WORK REQUIRED: Starting with the line that contains "line L1 (1, 50.34)" and stopping after the line that contains "line L3 (-30.17, -28.575)", copy the entries below exactly. Include nothing else.

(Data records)
|---|
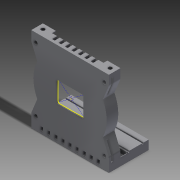
# Autodesk Inventor part: Nikon Base 02
Saved by Autodesk Inventor 2013 (Build 170138000, 138)
## iProperties
Created: 2014-04-13
Part Number: Nikon Base 02
Material: Generic
Document SubType Name: Modeling
Designer: spichelh
Density: 1 g/cm^3
Author: spichelh
Autodesk Inventor part; units mm, degrees
ref_plane "YZ Plane" through (0, 0, 0) normal (1, 0, 0) x (0, 1, 0)
ref_plane "XZ Plane" through (0, 0, 0) normal (0, 1, 0) x (-1, 0, 0)
ref_plane "XY Plane" through (0, 0, 0) normal (0, 0, 1) x (1, 0, 0)
sketch "Sketch1" plane through (0, 0, 0) normal (0, 0, 1) x (1, 0, 0)
  line L0 (0, -8.8929) -> (0, 44.5272) construction
  circle A0 centre (26.67, 24.765) radius 3.5 construction
  circle A1 centre (26.67, 24.765) radius 1.4
  line L1 (-0.1076, 0) -> (-29.2451, 0) construction
  line L2 (-21.59, -19.685) -> (-21.59, -28.575) construction
  circle A2 centre (-26.67, 24.765) radius 3.5 construction
  circle A3 centre (-26.67, 24.765) radius 1.4
  circle A4 centre (-26.67, -24.765) radius 1.4
  circle A5 centre (-26.67, -24.765) radius 3.5 construction
  circle A6 centre (26.67, -24.765) radius 1.4
  circle A7 centre (26.67, -24.765) radius 3.5 construction
  line L3 (-26.67, 24.765) -> (26.67, -24.765) construction
  line L4 (26.67, 24.765) -> (-26.67, -24.765) construction
  line L5 (-21.59, 19.685) -> (-21.59, 28.575) construction
  line L6 (21.59, -19.685) -> (21.59, -28.575) construction
  line L7 (21.59, 19.685) -> (21.59, 28.575) construction
  line L8 (-21.67, 30.575) -> (21.67, 30.575) construction
  line L9 (21.67, 30.575) -> (21.67, -25.765) construction
  line L10 (21.67, -25.765) -> (-21.67, -25.765) construction
  line L11 (-21.67, -25.765) -> (-21.67, 30.575) construction
  line L12 (-50.8, 28.575) -> (50.8, 28.575) construction
  line L13 (50.8, 28.575) -> (50.8, -28.575) construction
  line L14 (50.8, -28.575) -> (-50.8, -28.575) construction
  line L15 (-50.8, -28.575) -> (-50.8, 28.575) construction
  line L16 (-50.8, 28.575) -> (50.8, -28.575) construction
  line L17 (50.8, 28.575) -> (-50.8, -28.575) construction
  line L18 (-30.17, -29.575) -> (-30.17, -24.765)
  line L19 (30.17, -29.575) -> (30.17, -24.765)
  line L20 (-30.17, -29.575) -> (30.17, -29.575)
  line L21 (22.37, -28.575) -> (-22.37, -28.575)
  arc A8 (-29.9124, -23.447) -> (-30.17, -24.765) centre (-26.67, -24.765) ccw
  arc A9 (30.17, -24.765) -> (29.9124, -23.447) centre (26.67, -24.765) ccw
  circle A10 centre (26.67, 24.765) radius 1.4
  line L22 (30.17, 24.765) -> (30.17, 31.575)
  line L23 (-30.17, 31.575) -> (30.17, 31.575)
  line L24 (-30.17, 24.765) -> (-30.17, 31.575)
  line L25 (-22.37, 29.575) -> (22.37, 29.575)
  arc A11 (-30.17, 24.765) -> (-29.9124, 23.447) centre (-26.67, 24.765) ccw
  arc A12 (29.9124, 23.447) -> (30.17, 24.765) centre (26.67, 24.765) ccw
  circle A13 centre (0, 0) radius 28.5 construction
  line L26 (29.9124, -23.447) -> (25.5304, -12.6669)
  line L27 (29.9124, 23.447) -> (25.5304, 12.6669)
  arc A14 (25.5304, -12.6669) -> (25.5304, 12.6669) centre (0, 0) ccw
  line L28 (29.9124, 23.447) -> (26.67, 24.765) construction
  line L29 (-29.9124, -23.447) -> (-25.5304, -12.6669)
  line L30 (-29.9124, 23.447) -> (-25.5304, 12.6669)
  arc A15 (-25.5304, 12.6669) -> (-25.5304, -12.6669) centre (0, 0) ccw
  line L31 (22.37, 29.575) -> (22.37, -28.575)
  line L32 (-22.37, -28.575) -> (-22.37, 29.575)
  point P0 (0, 0)
  point P1 (0, 0)
  point P2 (0, 0)
  point P3 (24.8655, -21.7661)
  point P4 (0.1677, 29.575)
  point P5 (-23.17, 24.765)
  point P6 (-23.17, -24.765)
  point P7 (23.17, -24.765)
  point P8 (23.17, 24.765)
  point P9 (0, 0)
  point P10 (0, 0)
  point P11 (0, 0)
  dimension "d315" = 7
  dimension "d320" = 2.8
  dimension "d327" = 85
  dimension "d328" = 8.89
  dimension "d332" = 53.34
  dimension "d333" = 49.53
  dimension "d334" = 2.8
  dimension "d335" = 7
  dimension "d337" = 5.08
  dimension "d339" = 5
  dimension "d340" = 5
  dimension "d341" = 1
  dimension "d342" = 101.6
  dimension "d343" = 57.15
  dimension "d344" = 2
  dimension "d363" = 7
  dimension "d364" = 2.8
  dimension "d366" = 1
  dimension "d367" = 2
  dimension "d368" = 1
  dimension "d377" = 3.5
  dimension "d378" = 6.81
  dimension "d403" = 57
  dimension "d417" = 155
  dimension "d418" = 155
  dimension "d422" = 0.7
  dimension "d423" = 0.7
  constraints: 70 end point, 24 point on circle, 16 centre point, 15 symmetric about line, 7 coincident, 7 midpoint, 7 perpendicular, 6 parallel, 5 concentric, 5 tangent, 4 point on line, 3 horizontal, 2 horizontal alignment, 1 vertical alignment, 5 other
  measures "d315" diameter of A0
  measures "d320" diameter of A1
  measures "d328" distance of L2.start L2.end
  measures "d332" distance of A0.centre A2.centre
  measures "d333" distance of point (-26.67, -24.765) A2.centre
  measures "d334" diameter of A4
  measures "d335" diameter of A5
  measures "d337" distance from line of A4.centre L2
  measures "d339" distance from line of A0.centre L9
  measures "d340" distance from line of A2.centre L11
  measures "d341" distance from line of L10 A6.centre
  measures "d342" distance of L13.end L14.end
  measures "d343" distance of L12.end L13.end
  measures "d344" distance between parallel lines of L12 L8
  measures "d363" diameter of A2
  measures "d364" diameter of A3
  measures "d366" distance between parallel lines of L12 L25
  measures "d367" distance between parallel lines of L23 L25
  measures "d368" distance between parallel lines of L21 L20
  measures "d377" radius of A12
  measures "d378" distance of L22.start L22.end
  measures "d403" diameter of A13
  measures "d417" angle of L26 L3
  measures "d418" angle of L4 L27
  measures "d422" distance between parallel lines of L9 L31
  measures "d423" distance between parallel lines of L11 L32
extrude "Extrusion1" add sketch "Sketch1" along normal blind 9
sketch "Sketch14" plane through (0, 0, 9) normal (0, 0, 1) x (1, 0, 0)
  line L0 (50.88, 56.34) -> (5, 56.34) construction
  line L1 (-22.86, -0.81) -> (78.74, -0.81) construction
  line L2 (-22.86, 56.34) -> (-22.86, -0.81) construction
  line L3 (78.74, -0.81) -> (78.74, 56.34) construction
  circle A0 centre (26.67, 24.765) radius 1.4 projected
  arc A1 (-29.9124, -23.447) -> (-30.17, -24.765) centre (-26.67, -24.765) ccw projected
  line L4 (-30.17, -29.575) -> (30.17, -29.575) projected
  arc A2 (30.17, -24.765) -> (29.9124, -23.447) centre (26.67, -24.765) ccw projected
  line L5 (-27.94, 24.765) -> (26.67, -24.765) construction
  line L6 (-26.67, -24.765) -> (26.67, 24.765) construction
  circle A3 centre (0, 0) radius 23
  line L7 (27.3548, 30.2966) -> (-26.2048, 30.2966)
  line L8 (-26.67, -29.1989) -> (25.27, -29.1989)
  line L9 (30.17, 31.575) -> (-30.17, 31.575) projected
  line L10 (-26.2048, 30.2966) -> (-25.2211, 26.462)
  line L11 (-25.2211, 26.462) -> (-25.2211, 23)
  line L12 (-25.2211, 23) -> (-25.2211, 18.3922)
  line L13 (-25.2211, 18.3922) -> (-25.0819, 16.5883)
  line L14 (-25.1417, -26.7599) -> (-26.67, -29.1989)
  line L15 (25.27, -29.1989) -> (25.1417, -24.765)
  line L16 (25.1417, -24.765) -> (25.1912, -21.1)
  line L17 (25.1912, -21.1) -> (25.27, -15.2651)
  line L18 (25.27, -15.2651) -> (24.6585, -7.3445)
  line L19 (24.6585, -7.3445) -> (24.4818, 2.6027)
  line L20 (24.4818, 2.6027) -> (25.1533, 16.767)
  line L21 (25.1533, 16.767) -> (25.4405, 22.8257)
  line L22 (25.4405, 22.8257) -> (25.0053, 24.5219)
  line L23 (25.0053, 24.5219) -> (25.27, 26.707)
  line L24 (25.27, 26.707) -> (27.3548, 30.2966)
  line L25 (-30.17, 31.575) -> (-30.17, 24.765) projected
  line L26 (-25.1417, -26.7599) -> (-25.1417, -18.1825)
  line L27 (-25.1417, -18.1825) -> (-24.2585, 0.4493)
  line L28 (-24.2585, 0.4493) -> (-25.0819, 16.5883)
  dimension "d359" = 46
  constraints: 44 end point, 5 parallel, 3 collinear, 1 centre point, 1 midpoint, 1 perpendicular
  measures "d359" diameter of A3
extrude "Extrusion14" add sketch "Sketch14" against normal blind 2 contours L24 L23 L22 L21 L20 L19 L18 L17 L16 L15 L8 L14 L26 L27 L28 L13 L12 L11 L10 L7
sketch "Sketch17" plane through (0, 0, 7) normal (0, 0, -1) x (-1, 0, 0)
  line L0 (-9.4, 8.05) -> (9.4, 8.05)
  line L1 (10.4, 7.05) -> (10.4, -7.05)
  line L2 (9.4, -8.05) -> (-9.4, -8.05)
  line L3 (-10.4, -7.05) -> (-10.4, 7.05)
  line L4 (10.4, 8.05) -> (-10.4, -8.05) construction
  line L5 (10.4, -8.05) -> (-10.4, 8.05) construction
  circle A0 centre (0, 0) radius 23
  arc A1 (-9.4, 8.05) -> (-10.4, 7.05) centre (-9.4, 7.05) ccw
  arc A2 (-10.4, -7.05) -> (-9.4, -8.05) centre (-9.4, -7.05) ccw
  arc A3 (9.4, -8.05) -> (10.4, -7.05) centre (9.4, -7.05) ccw
  arc A4 (10.4, 7.05) -> (9.4, 8.05) centre (9.4, 7.05) ccw
  dimension "d111" = 20.8
  dimension "d112" = 16.1
  dimension "d115" = 1
  constraints: 12 end point, 8 point on circle, 8 point on line, 8 tangent, 5 centre point, 3 equal radius, 2 coincident, 2 parallel, 1 horizontal, 1 midpoint, 1 perpendicular
  measures "d111" distance of L5.start L4.end
  measures "d112" distance of L4.start L5.start
  measures "d115" radius of A1
extrude "Extrusion17" add sketch "Sketch17" against normal blind 2
sketch "Sketch26" plane through (0, 6, 0) normal (-1, 0, 0) x (0, 0, 1)
  line L0 (0, 43.53) -> (0, 0) projected
  line L1 (-1, 50.34) -> (0, 50.34) construction
  line L2 (-1, -6.81) -> (0, -6.81) construction
  line L3 (4, -6.81) -> (6, -6.81)
  line L4 (6, -6.81) -> (6, 50.34)
  line L5 (6, 50.34) -> (4, 50.34)
  line L6 (4, 50.34) -> (4, -6.81)
  point P0 (0, -6)
  dimension "d140" = 2
  dimension "d141" = 4
  constraints: 8 end point, 2 collinear, 2 parallel, 1 horizontal, 1 perpendicular
  measures "d140" distance of L5.end L4.end
  measures "d141" distance between parallel lines of L0 L6
extrude "Extrusion26" [suppressed]
sketch "Sketch27" plane through (55.88, 6, 0) normal (1, 0, 0) x (0, 0, -1)
  line L0 (1, -6.81) -> (0, -6.81) construction
  line L1 (1, 50.34) -> (0, 50.34) construction
  line L2 (-4, 50.34) -> (-6, 50.34)
  line L3 (-6, 50.34) -> (-6, -6.81)
  line L4 (-6, -6.81) -> (-4, -6.81)
  line L5 (-4, -6.81) -> (-4, 50.34)
  line L6 (0, -13) -> (0, -6) construction
  dimension "d146" = 2
  dimension "d147" = 4
  constraints: 8 end point, 2 collinear, 2 parallel, 1 horizontal, 1 perpendicular
  measures "d146" distance of L4.end L3.end
  measures "d147" distance between parallel lines of L6 L5
extrude "Extrusion27" [suppressed]
sketch "Sketch32" plane through (0, 0, 0) normal (0, 0, -1) x (-1, 0, 0)
  line L0 (-30.17, -34.575) -> (30.17, -34.575)
  line L1 (30.17, -34.575) -> (30.17, -28.575)
  line L2 (30.17, -28.575) -> (-30.17, -28.575)
  line L3 (-30.17, -28.575) -> (-30.17, -34.575)
  line L4 (30.17, -29.575) -> (-30.17, -29.575)
  circle A0 centre (-26.67, -24.765) radius 1.4 projected
  circle A1 centre (26.67, -24.765) radius 1.4 projected
  circle A2 centre (26.67, 24.765) radius 1.4 projected
  circle A3 centre (-26.67, 24.765) radius 1.4 projected
  line L5 (-30.17, 31.575) -> (30.17, 31.575) projected
  line L6 (-30.17, 24.765) -> (-30.17, 31.575) projected
  arc A4 (-29.9124, -23.447) -> (-30.17, -24.765) centre (-26.67, -24.765) ccw projected
  line L7 (-30.17, -29.575) -> (-30.17, -24.765) projected
  line L8 (30.17, -29.575) -> (-30.17, -29.575) projected
  line L9 (30.17, -24.765) -> (30.17, -29.575) projected
  arc A5 (30.17, -24.765) -> (29.9124, -23.447) centre (26.67, -24.765) ccw projected
  line L10 (0, -34.575) -> (0, -36.1591) construction
  line L11 (0, -31.3897) -> (0, -27.0731) construction
  line L12 (-30.17, -29.575) -> (-30.17, -24.765) projected
  arc A6 (29.9124, 23.447) -> (30.17, 24.765) centre (26.67, 24.765) ccw projected
  line L13 (30.17, 31.575) -> (30.17, 24.765) projected
  arc A7 (-30.17, 24.765) -> (-29.9124, 23.447) centre (-26.67, 24.765) ccw projected
  line L14 (25.5304, -12.6669) -> (29.9124, -23.447) projected
  arc A8 (25.5304, -12.6669) -> (25.5304, 12.6669) centre (0, 0) ccw projected
  line L15 (29.9124, 23.447) -> (25.5304, 12.6669) projected
  line L16 (-25.5304, 12.6669) -> (-29.9124, 23.447) projected
  arc A9 (-25.5304, 12.6669) -> (-25.5304, -12.6669) centre (0, 0) ccw projected
  line L17 (-29.9124, -23.447) -> (-25.5304, -12.6669) projected
  dimension "d180" = 6
  dimension "d432" = 1
  constraints: 14 end point, 3 collinear, 3 parallel, 1 horizontal, 1 midpoint, 1 perpendicular
  measures "d180" distance between parallel lines of L0 L2
  measures "d432" distance between parallel lines of L4 L2
extrude "Extrusion32" add sketch "Sketch32" along normal blind 22 and the other way blind 1.5 contours L3 L4 L1 L0 | L3 L2 L1 L4
sketch "Sketch35" plane through (-30.17, -34.575, -22) normal (0, -1, 0) x (1, 0, 0)
  line L0 (60.34, 33) -> (0, 33)
  line L1 (0, 33) -> (60.34, 0) construction
  line L2 (60.34, 33) -> (0, 0) construction
  line L3 (30.17, 16.5) -> (30.17, -14.8721) construction
  circle A0 centre (30.17, 6.5) radius 3.175
  circle A1 centre (30.17, 18.5) radius 3.175
  line L4 (0, 23.5) -> (60.34, 23.5) projected
  dimension "d194" = 6.35
  dimension "d195" = 10
  dimension "d196" = 6.35
  dimension "d197" = 2
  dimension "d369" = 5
|---|
WRITTEN ANSWER:
  line L1 (1, 50.34) -> (0, 50.34) construction
  line L2 (-4, 50.34) -> (-6, 50.34)
  line L3 (-6, 50.34) -> (-6, -6.81)
  line L4 (-6, -6.81) -> (-4, -6.81)
  line L5 (-4, -6.81) -> (-4, 50.34)
  line L6 (0, -13) -> (0, -6) construction
  dimension "d146" = 2
  dimension "d147" = 4
  constraints: 8 end point, 2 collinear, 2 parallel, 1 horizontal, 1 perpendicular
  measures "d146" distance of L4.end L3.end
  measures "d147" distance between parallel lines of L6 L5
extrude "Extrusion27" [suppressed]
sketch "Sketch32" plane through (0, 0, 0) normal (0, 0, -1) x (-1, 0, 0)
  line L0 (-30.17, -34.575) -> (30.17, -34.575)
  line L1 (30.17, -34.575) -> (30.17, -28.575)
  line L2 (30.17, -28.575) -> (-30.17, -28.575)
  line L3 (-30.17, -28.575) -> (-30.17, -34.575)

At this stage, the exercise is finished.